▶ **Exercise instructions**: Pull every line with "Matrix" from the entries below.

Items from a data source
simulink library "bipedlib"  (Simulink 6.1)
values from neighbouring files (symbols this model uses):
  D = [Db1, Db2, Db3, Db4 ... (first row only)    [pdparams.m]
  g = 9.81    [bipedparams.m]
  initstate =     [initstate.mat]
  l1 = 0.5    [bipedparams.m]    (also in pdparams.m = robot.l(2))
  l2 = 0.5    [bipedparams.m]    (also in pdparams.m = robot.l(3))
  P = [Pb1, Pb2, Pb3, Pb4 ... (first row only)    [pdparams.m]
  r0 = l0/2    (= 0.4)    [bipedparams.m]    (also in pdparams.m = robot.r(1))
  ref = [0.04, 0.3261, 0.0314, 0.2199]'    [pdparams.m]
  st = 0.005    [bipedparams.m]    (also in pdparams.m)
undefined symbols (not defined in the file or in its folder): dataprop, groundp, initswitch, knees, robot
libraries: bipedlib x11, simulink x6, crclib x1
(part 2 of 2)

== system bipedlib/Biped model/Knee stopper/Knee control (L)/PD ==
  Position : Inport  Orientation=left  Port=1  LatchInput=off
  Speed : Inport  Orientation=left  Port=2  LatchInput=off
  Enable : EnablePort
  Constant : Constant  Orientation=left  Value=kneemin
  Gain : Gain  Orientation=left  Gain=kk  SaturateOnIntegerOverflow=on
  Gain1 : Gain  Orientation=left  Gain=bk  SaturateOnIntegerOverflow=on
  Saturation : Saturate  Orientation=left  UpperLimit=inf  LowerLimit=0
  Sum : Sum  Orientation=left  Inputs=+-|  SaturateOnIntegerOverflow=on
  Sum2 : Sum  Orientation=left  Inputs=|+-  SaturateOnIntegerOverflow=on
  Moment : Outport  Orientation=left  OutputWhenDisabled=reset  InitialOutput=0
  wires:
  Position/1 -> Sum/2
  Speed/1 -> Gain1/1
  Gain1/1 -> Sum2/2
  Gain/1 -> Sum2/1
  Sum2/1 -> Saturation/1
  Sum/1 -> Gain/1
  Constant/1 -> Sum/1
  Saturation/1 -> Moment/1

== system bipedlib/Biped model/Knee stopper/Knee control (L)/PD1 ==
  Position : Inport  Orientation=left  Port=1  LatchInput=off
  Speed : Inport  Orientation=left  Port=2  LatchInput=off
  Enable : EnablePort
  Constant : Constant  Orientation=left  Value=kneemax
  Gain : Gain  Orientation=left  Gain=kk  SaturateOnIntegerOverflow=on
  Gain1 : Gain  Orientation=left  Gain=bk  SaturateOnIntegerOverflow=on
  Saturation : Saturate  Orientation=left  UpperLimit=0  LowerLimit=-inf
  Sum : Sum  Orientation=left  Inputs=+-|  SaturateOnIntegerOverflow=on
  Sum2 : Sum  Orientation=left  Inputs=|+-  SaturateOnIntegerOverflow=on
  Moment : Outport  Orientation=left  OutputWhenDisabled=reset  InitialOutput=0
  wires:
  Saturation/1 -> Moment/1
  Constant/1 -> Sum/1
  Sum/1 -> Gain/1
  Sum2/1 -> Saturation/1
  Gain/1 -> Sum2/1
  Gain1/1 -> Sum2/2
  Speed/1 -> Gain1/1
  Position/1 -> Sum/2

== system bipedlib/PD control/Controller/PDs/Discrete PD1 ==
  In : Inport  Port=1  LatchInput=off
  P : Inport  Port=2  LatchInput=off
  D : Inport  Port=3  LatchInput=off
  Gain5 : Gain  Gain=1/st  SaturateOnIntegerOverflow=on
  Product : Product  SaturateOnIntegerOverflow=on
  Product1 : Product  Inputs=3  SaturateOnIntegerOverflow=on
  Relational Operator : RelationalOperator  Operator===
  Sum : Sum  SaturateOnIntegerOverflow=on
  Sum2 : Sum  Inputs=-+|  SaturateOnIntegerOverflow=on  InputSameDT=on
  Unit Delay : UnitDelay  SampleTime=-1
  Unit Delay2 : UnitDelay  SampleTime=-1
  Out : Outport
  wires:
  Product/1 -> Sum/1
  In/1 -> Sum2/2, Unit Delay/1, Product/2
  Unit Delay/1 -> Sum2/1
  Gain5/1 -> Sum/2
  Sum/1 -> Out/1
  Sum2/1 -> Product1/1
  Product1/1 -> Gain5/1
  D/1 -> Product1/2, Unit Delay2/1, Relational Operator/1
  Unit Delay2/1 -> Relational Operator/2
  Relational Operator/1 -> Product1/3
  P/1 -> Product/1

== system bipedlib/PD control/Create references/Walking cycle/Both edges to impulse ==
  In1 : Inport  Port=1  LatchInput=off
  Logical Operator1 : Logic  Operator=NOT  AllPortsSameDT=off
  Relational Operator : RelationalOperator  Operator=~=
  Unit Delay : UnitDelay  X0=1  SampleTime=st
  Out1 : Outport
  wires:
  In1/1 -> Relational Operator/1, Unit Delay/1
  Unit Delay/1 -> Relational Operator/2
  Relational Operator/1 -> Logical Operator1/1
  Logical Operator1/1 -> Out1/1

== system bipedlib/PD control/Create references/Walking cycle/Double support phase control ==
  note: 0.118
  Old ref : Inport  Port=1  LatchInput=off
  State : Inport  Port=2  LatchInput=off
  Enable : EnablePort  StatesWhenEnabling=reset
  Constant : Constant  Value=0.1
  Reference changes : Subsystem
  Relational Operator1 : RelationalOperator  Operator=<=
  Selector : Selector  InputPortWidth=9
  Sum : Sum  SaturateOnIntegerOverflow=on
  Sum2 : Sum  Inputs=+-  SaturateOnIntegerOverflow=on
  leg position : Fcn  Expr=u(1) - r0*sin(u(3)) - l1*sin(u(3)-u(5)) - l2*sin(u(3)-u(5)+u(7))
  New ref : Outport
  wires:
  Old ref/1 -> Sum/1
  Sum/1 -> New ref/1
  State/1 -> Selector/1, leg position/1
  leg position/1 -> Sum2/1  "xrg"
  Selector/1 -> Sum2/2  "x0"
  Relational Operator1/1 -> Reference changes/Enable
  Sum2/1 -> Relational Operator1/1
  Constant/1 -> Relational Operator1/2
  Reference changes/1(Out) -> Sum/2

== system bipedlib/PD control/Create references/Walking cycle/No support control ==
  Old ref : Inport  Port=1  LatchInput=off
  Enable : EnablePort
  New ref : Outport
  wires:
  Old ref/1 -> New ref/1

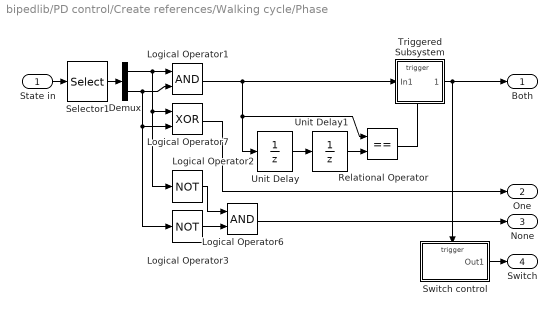
== system bipedlib/PD control/Create references/Walking cycle/Phase ==
  State in : Inport  Port=1  LatchInput=off
  Demux : Demux  Outputs=2
  Logical Operator1 : Logic  AllPortsSameDT=off
  Logical Operator2 : Logic  Operator=NOT  AllPortsSameDT=off
  Logical Operator3 : Logic  Operator=NOT  AllPortsSameDT=off
  Logical Operator6 : Logic  AllPortsSameDT=off
  Logical Operator7 : Logic  Operator=XOR  AllPortsSameDT=off
  Relational Operator : RelationalOperator  Operator===
  Selector1 : Selector  Elements=[8,9]  InputPortWidth=9
  Switch control : Subsystem  TreatAsAtomicUnit=on
  Triggered Subsystem : Subsystem  TreatAsAtomicUnit=on
  Unit Delay : UnitDelay  X0=1  SampleTime=st
  Unit Delay1 : UnitDelay  X0=1  SampleTime=st
  Both : Outport
  One : Outport  Port=2
  None : Outport  Port=3
  Switch : Outport  Port=4
  wires:
  State in/1 -> Selector1/1
  Selector1/1 -> Demux/1
  Switch control/1(Out1) -> Switch/1
  Demux/1 -> Logical Operator1/1, Logical Operator7/1, Logical Operator2/1
  Demux/2 -> Logical Operator1/2, Logical Operator7/2, Logical Operator3/1
  Logical Operator1/1 -> Unit Delay/1, Relational Operator/1, Triggered Subsystem/1(In1)
  Logical Operator7/1 -> One/1
  Logical Operator6/1 -> None/1
  Unit Delay/1 -> Unit Delay1/1
  Relational Operator/1 -> Triggered Subsystem/Trigger
  Triggered Subsystem/1(Out1) -> Both/1, Switch control/Trigger
  Unit Delay1/1 -> Relational Operator/2
  Logical Operator2/1 -> Logical Operator6/1
  Logical Operator3/1 -> Logical Operator6/2

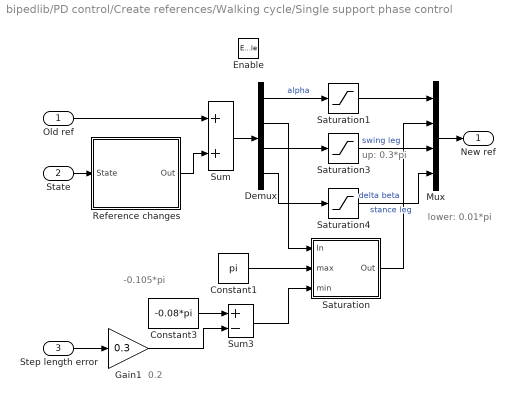
== system bipedlib/PD control/Create references/Walking cycle/Single support phase control ==
  note: up: 0.3*pi
  note: 0.2
  note: lower: 0.01*pi
  note: -0.105*pi
  Old ref : Inport  Port=1  LatchInput=off
  State : Inport  Port=2  LatchInput=off
  Step length error : Inport  Port=3  LatchInput=off
  Enable : EnablePort  StatesWhenEnabling=reset
  Constant1 : Constant  Value=pi
  Constant3 : Constant  Value=-0.08*pi
  Demux : Demux
  Gain1 : Gain  Gain=0.3  SaturateOnIntegerOverflow=on
  Mux : Mux
  Reference changes : Subsystem
  Saturation : Subsystem
  Saturation1 : Saturate  UpperLimit=pi/2  LowerLimit=-pi/2  LinearizeAsGain=off
  Saturation3 : Saturate  UpperLimit=0.2*pi  LowerLimit=0.07*pi  LinearizeAsGain=off
  Saturation4 : Saturate  UpperLimit=pi  LowerLimit=0.015*pi  LinearizeAsGain=off
  Sum : Sum  SaturateOnIntegerOverflow=on
  Sum3 : Sum  Inputs=+-  SaturateOnIntegerOverflow=on
  New ref : Outport
  wires:
  Sum/1 -> Demux/1
  Old ref/1 -> Sum/1
  State/1 -> Reference changes/1(State)
  Step length error/1 -> Gain1/1
  Mux/1 -> New ref/1
  Demux/2 -> Saturation/1(In)
  Saturation/1(Out) -> Mux/2  "delta beta"
  Constant1/1 -> Saturation/2(max)
  Demux/1 -> Saturation1/1  "alpha"
  Demux/3 -> Saturation3/1
  Saturation3/1 -> Mux/3  "swing leg"
  Demux/4 -> Saturation4/1
  Saturation4/1 -> Mux/4  "stance leg"
  Constant3/1 -> Sum3/1
  Gain1/1 -> Sum3/2
  Sum3/1 -> Saturation/3(min)
  Reference changes/1(Out) -> Sum/2
  Saturation1/1 -> Mux/1

== system bipedlib/PD control/Create references/Walking cycle/Step length error ==
  note: 0.335
  State : Inport  Port=1  LatchInput=off
  Trigger : TriggerPort
  Constant : Constant  Value=0.352
  Leg tip positions : Subsystem
  Sum : Sum  Inputs=-+  SaturateOnIntegerOverflow=on
  Sum1 : Sum  Inputs=-+  SaturateOnIntegerOverflow=on
  Error : Outport  InitialOutput=0
  wires:
  State/1 -> Leg tip positions/1(In1)
  Leg tip positions/2(xrg) -> Sum/2
  Leg tip positions/1(xlg) -> Sum/1
  Sum/1 -> Sum1/2
  Sum1/1 -> Error/1
  Constant/1 -> Sum1/1

== system bipedlib/PD control/Create references/Walking cycle/Switch legs ==
  State : Inport  Port=1  LatchInput=off
  Switch : Inport  Port=2  LatchInput=off
  Selector : Selector  Elements=[1, 2, 3, 5, 4, 7, 6, 9, 8]  InputPortWidth=9
  Switch1 : Switch  Threshold=1  SaturateOnIntegerOverflow=on
  Out : Outport
  wires:
  Switch/1 -> Switch1/2
  State/1 -> Switch1/1, Selector/1
  Selector/1 -> Switch1/3
  Switch1/1 -> Out/1

== system bipedlib/Biped model/Ground contact/Calculate forces (L)/Controls/Control x'g ==
  Sensor : Inport  Orientation=left  Port=1  LatchInput=off
  Position : Inport  Orientation=left  Port=2  LatchInput=off
  Speed : Inport  Orientation=left  Port=3  LatchInput=off
  Normal force : Inport  Orientation=left  Port=4  LatchInput=off
  Control : Subsystem  Orientation=left
  Data Type Conversion : DataTypeConversion  Orientation=left  SaturateOnIntegerOverflow=on  RndMeth=Zero
  Logical Operator : Logic  Orientation=left  Operator=OR  AllPortsSameDT=off
  Memory : Memory  X0=gcstate(2)  InheritSampleTime=on
  Mux2 : Mux  Orientation=left  Inputs=2
  Rising edge to impulse : Subsystem  Orientation=left
  Update initial position : Subsystem  Orientation=left  TreatAsAtomicUnit=on
  Force : Outport  Orientation=left
  gcstate : Outport  Orientation=left  Port=2
  wires:
  Memory/1 -> Control/5(Prev sliding), Data Type Conversion/1, Logical Operator/2
  Position/1 -> Control/1(Position), Update initial position/1(In1)
  Speed/1 -> Control/3(Speed)
  Control/1(Force) -> Force/1
  Normal force/1 -> Control/4(Normal force)
  Control/2(Sliding) -> Memory/1
  Sensor/1 -> Control/Enable, Rising edge to impulse/1(In1)
  Logical Operator/1 -> Update initial position/Enable
  Rising edge to impulse/1(Out1) -> Logical Operator/1
  Update initial position/1(Out1) -> Control/2(Initial position), Mux2/1
  Data Type Conversion/1 -> Mux2/2
  Mux2/1 -> gcstate/1

== system bipedlib/Biped model/Ground contact/Calculate forces (L)/Controls/Control y'g ==
  Position : Inport  Orientation=left  Port=1  LatchInput=off
  Speed : Inport  Orientation=left  Port=2  LatchInput=off
  Ground level : Constant  Orientation=left  Value=0
  PD : Subsystem  Orientation=left  TreatAsAtomicUnit=on
  Relational Operator : RelationalOperator  Orientation=left  Operator=<  LogicOutDataTypeMode=Boolean
  Force : Outport  Orientation=left
  Sensor : Outport  Orientation=left  Port=2
  wires:
  Ground level/1 -> Relational Operator/2
  PD/1(Force) -> Force/1
  Position/1 -> Relational Operator/1, PD/1(Position)
  Speed/1 -> PD/2(Speed)
  Relational Operator/1 -> PD/Enable, Sensor/1

== system bipedlib/Biped model/Ground contact/Calculate forces (L)/Leg tip projection/Projection ==
  xy : Inport  Orientation=left  Port=1  LatchInput=off
  Tangential : Inport  Orientation=left  Port=2  LatchInput=off
  Normal : Inport  Orientation=left  Port=3  LatchInput=off
  Origo : Inport  Orientation=left  Port=4  LatchInput=off
  Dot product : Subsystem  Orientation=left
  Dot product1 : bipedlib/Biped model/Ground contact/Calculate forces (L)/Leg tip projection/Projection/Dot product  Orientation=left  SimViewingDevice=off  DataTypeOverride=UseLocalSettings  MinMaxOverflowLogging=UseLocalSettings
      settings: Permissions=ReadWrite  RTWFcnNameOpts=Auto  RTWFileNameOpts=Auto
  Sum : Sum  Orientation=left  Inputs=+-  SaturateOnIntegerOverflow=on
  xtan : Outport  Orientation=left
  ynorm : Outport  Orientation=left  Port=2
  wires:
  Tangential/1 -> Dot product/2(In2)
  xy/1 -> Sum/1
  Origo/1 -> Sum/2
  Sum/1 -> Dot product/1(In1), Dot product1/1
  Dot product/1(Out1) -> xtan/1
  Dot product1/1 -> ynorm/1
  Normal/1 -> Dot product1/2

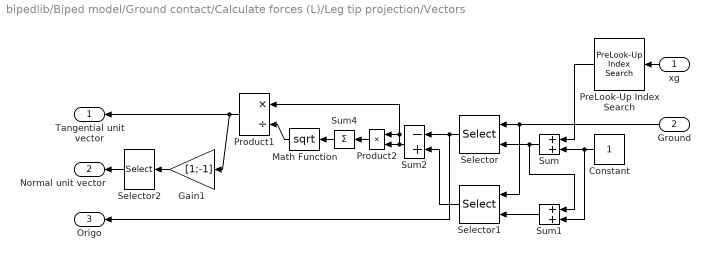
== system bipedlib/Biped model/Ground contact/Calculate forces (L)/Leg tip projection/Vectors ==
  xg : Inport  Orientation=left  Port=1  LatchInput=off
  Ground : Inport  Orientation=left  Port=2  LatchInput=off
  Constant : Constant  Orientation=left
  Gain1 : Gain  Orientation=left  Gain=[1;-1]  SaturateOnIntegerOverflow=on
  Math Function : Math  Orientation=left  Operator=sqrt  SaturateOnIntegerOverflow=on
  PreLook-Up Index Search : simulink/Look-Up Tables/PreLook-Up Index Search  Orientation=left  bpData=ground(1,:)  searchMode=Linear Search  cacheBpFlag=on  outputFlag=on  extrapMode=Clip to Range  rangeErrorMode=None
  Product1 : Product  Orientation=left  Inputs=*/  SaturateOnIntegerOverflow=on
  Product2 : Product  Orientation=left  SaturateOnIntegerOverflow=on
  Selector : Selector  Orientation=left  InputType=Matrix  ElementSrc=External  Elements=[1 3]  Rows=-1  ColumnSrc=External  InputPortWidth=3
  Selector1 : Selector  Orientation=left  InputType=Matrix  ElementSrc=External  Elements=[1 3]  Rows=-1  ColumnSrc=External  InputPortWidth=3
  Selector2 : Selector  Orientation=left  Elements=[2,1]  InputPortWidth=2
  Sum : Sum  Orientation=left  SaturateOnIntegerOverflow=on
  Sum1 : Sum  Orientation=left  SaturateOnIntegerOverflow=on
  Sum2 : Sum  Orientation=left  Inputs=-+  SaturateOnIntegerOverflow=on
  Sum4 : Sum  Orientation=left  Inputs=+  SaturateOnIntegerOverflow=on
  Tangential unit vector : Outport  Orientation=left
  Normal unit vector : Outport  Orientation=left  Port=2
  Origo : Outport  Orientation=left  Port=3
  wires:
  Ground/1 -> Selector/1, Selector1/1
  Math Function/1 -> Product1/2
  Sum2/1 -> Product1/1, Product2/1, Product2/2
  Selector/1 -> Sum2/1, Origo/1
  Selector1/1 -> Sum2/2
  Sum1/1 -> Selector1/2
  Selector2/1 -> Normal unit vector/1
  Product1/1 -> Tangential unit vector/1, Gain1/1
  xg/1 -> PreLook-Up Index Search/1
  PreLook-Up Index Search/1 -> Sum/1
  Gain1/1 -> Selector2/1
  Sum/1 -> Selector/2, Sum1/1
  Constant/1 -> Sum/2, Sum1/2
  Sum4/1 -> Math Function/1
  Product2/1 -> Sum4/1

== system bipedlib/PD control/Create references/Walking cycle/Double support phase control/Reference changes ==
  note: 0.04
  note: -0.05
  Enable : EnablePort
  Ground : Ground
  Mux : Mux
  bend knee : Constant  Value=0.01
  decrease db : Constant  Value=-0.001
  Out : Outport  OutputWhenDisabled=reset  InitialOutput=0
  wires:
  Ground/1 -> Mux/4, Mux/1
  bend knee/1 -> Mux/3  "rear leg knee"
  Mux/1 -> Out/1
  decrease db/1 -> Mux/2  "delta beta"

== system bipedlib/PD control/Create references/Walking cycle/Phase/Switch control ==
  note: 0 = right leg swings,
      | 1 = left leg swings
  Trigger : TriggerPort
  Logical Operator : Logic  Operator=NOT  AllPortsSameDT=off
  Unit Delay : UnitDelay  Orientation=left  X0=1  SampleTime=-1
  Out1 : Outport  InitialOutput=1
  wires:
  Unit Delay/1 -> Logical Operator/1
  Logical Operator/1 -> Out1/1, Unit Delay/1

== system bipedlib/PD control/Create references/Walking cycle/Phase/Triggered Subsystem ==
  In1 : Inport  Port=1  LatchInput=off
  Trigger : TriggerPort
  Out1 : Outport  InitialOutput=1
  wires:
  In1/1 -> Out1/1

▶ **Output for this exercise**:
  Selector : Selector  Orientation=left  InputType=Matrix  ElementSrc=External  Elements=[1 3]  Rows=-1  ColumnSrc=External  InputPortWidth=3
  Selector1 : Selector  Orientation=left  InputType=Matrix  ElementSrc=External  Elements=[1 3]  Rows=-1  ColumnSrc=External  InputPortWidth=3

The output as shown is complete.